I tested the idea during the weekend but didn't finished it. It will result in several edits in `AnalysisPoint` and `AnalysisGrid` classes and we need to make changes in the recipes to reverse the current results structure.
This workflow adds an extra time for creating the data base for `total` and `direct-sun` values but then saves us a lot of time for post-processing the results.
There will be a separate table for each result file where rows are hours of the year and columns are results for each points. For studies with single window group the analysis is pretty straight forward while for studies with several window groups and blind states one can use `JOIN` the tables in a single query.

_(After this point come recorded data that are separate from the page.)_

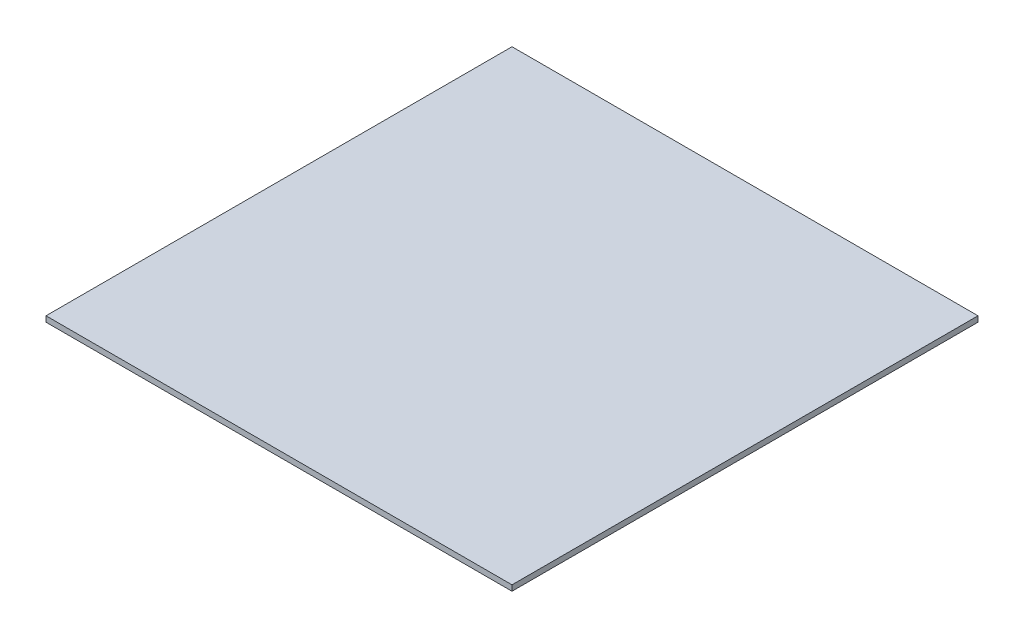
from build123d import *

# Parameters (mm, degrees)
SKETCH1_W           = 250
SKETCH1_H           = 250
BOSS_EXTRUDE1_DEPTH = 3


with BuildPart() as part:
    # Sketch1 → Boss-Extrude1 (new body)
    with BuildSketch(Plane(origin=(0, 0, 0), x_dir=(1, 0, 0), z_dir=(0, 1, 0))):
        Rectangle(SKETCH1_W, SKETCH1_H)
    extrude(amount=BOSS_EXTRUDE1_DEPTH)


solid = part.part
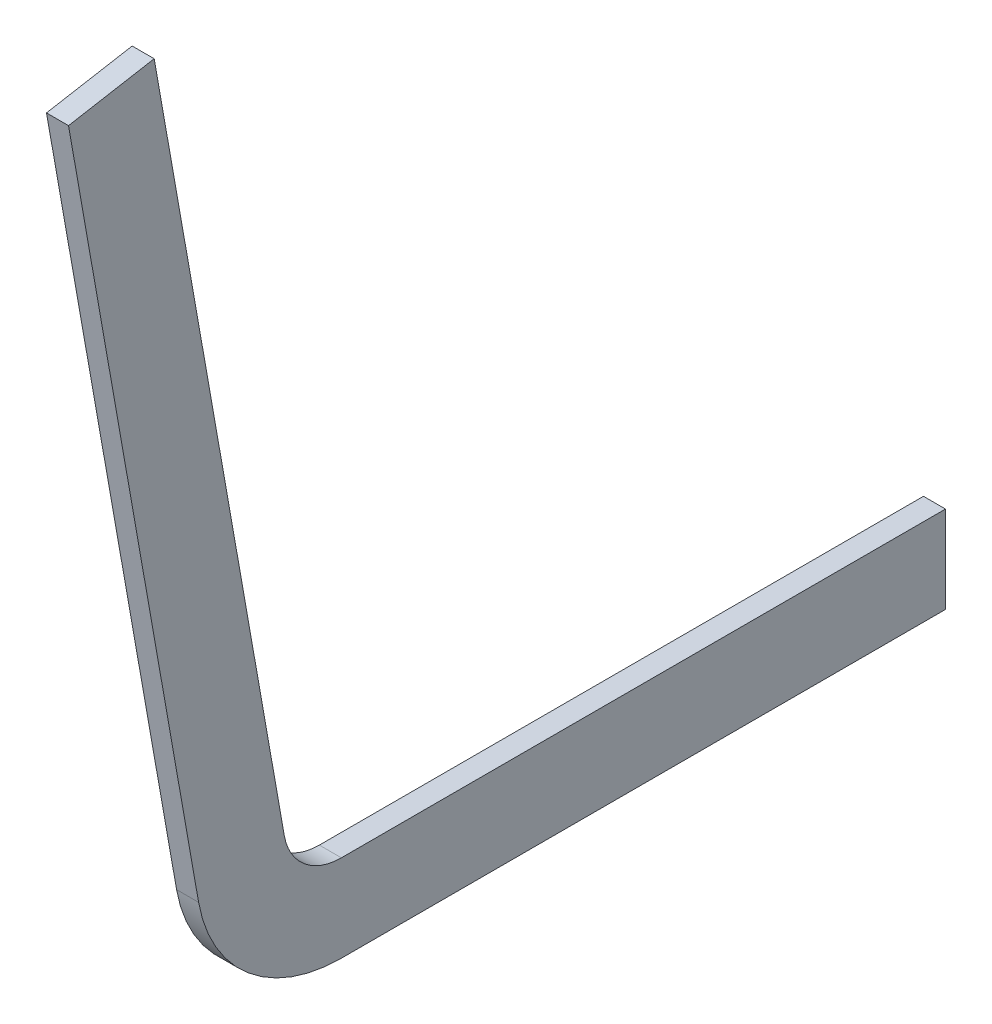
from build123d import *

# Parameters (mm, degrees)
BOSS_EXTRUDE1_DEPTH = 1.9


with BuildPart() as part:
    # Sketch1 → Boss-Extrude1 (new, symmetric)
    with BuildSketch(Plane(origin=(0, 0, 0), x_dir=(0, 0, -1), z_dir=(1, 0, 0))):
        with BuildLine():
            Line((-84.195498156, -182.4), (-80, -182.4))
            Line((-80, -182.4), (20, -182.4))
            Line((20, -182.4), (20, -167.4))
            Line((20, -167.4), (-80, -167.4))
            Line((-80, -167.4), (-84.195498156, -167.4))
            ThreePointArc((-84.195498156, -167.4), (-90.623374253, -165.060444431), (-94.043575686, -159.136481777))
            Line((-94.043575686, -159.136481777), (-116.478138504, -31.903753538))
            Line((-116.478138504, -31.903753538), (-131.250254799, -34.508476203))
            Line((-131.250254799, -34.508476203), (-108.815691981, -161.741204442))
            ThreePointArc((-108.815691981, -161.741204442), (-100.265188398, -176.551111078), (-84.195498156, -182.4))
        make_face()
    extrude(amount=BOSS_EXTRUDE1_DEPTH, both=True)


solid = part.part

Table: windowgroup..blindstate..total
. | pt_1 | pt_2 | pt_3 | ...
--- | --- | --- | --- | ---
hour1 | 0 | 0 | 0 | ...
hour2 | 0 | 0 | 0 |...
hour3 | 0 | 0 | 0 |...
One main critique to this structure will be the change in the number of rows based on the number of test points but for what we need that will be fine specially if it is well documented. We will also include methods to generate the original radiance files from the database in case one needs them afterwards for any reason.
1 Like
Hi, i was wondering if this solution had been implemented in the latest honeybee and ladybug packages for dynamo?
i am currently running solar analysis, and the DCTimestep is taking quite a while. I have seen that it might be possible to run the DCTimestep in parallel,is there an example of how to update the dynamo nodes to do this?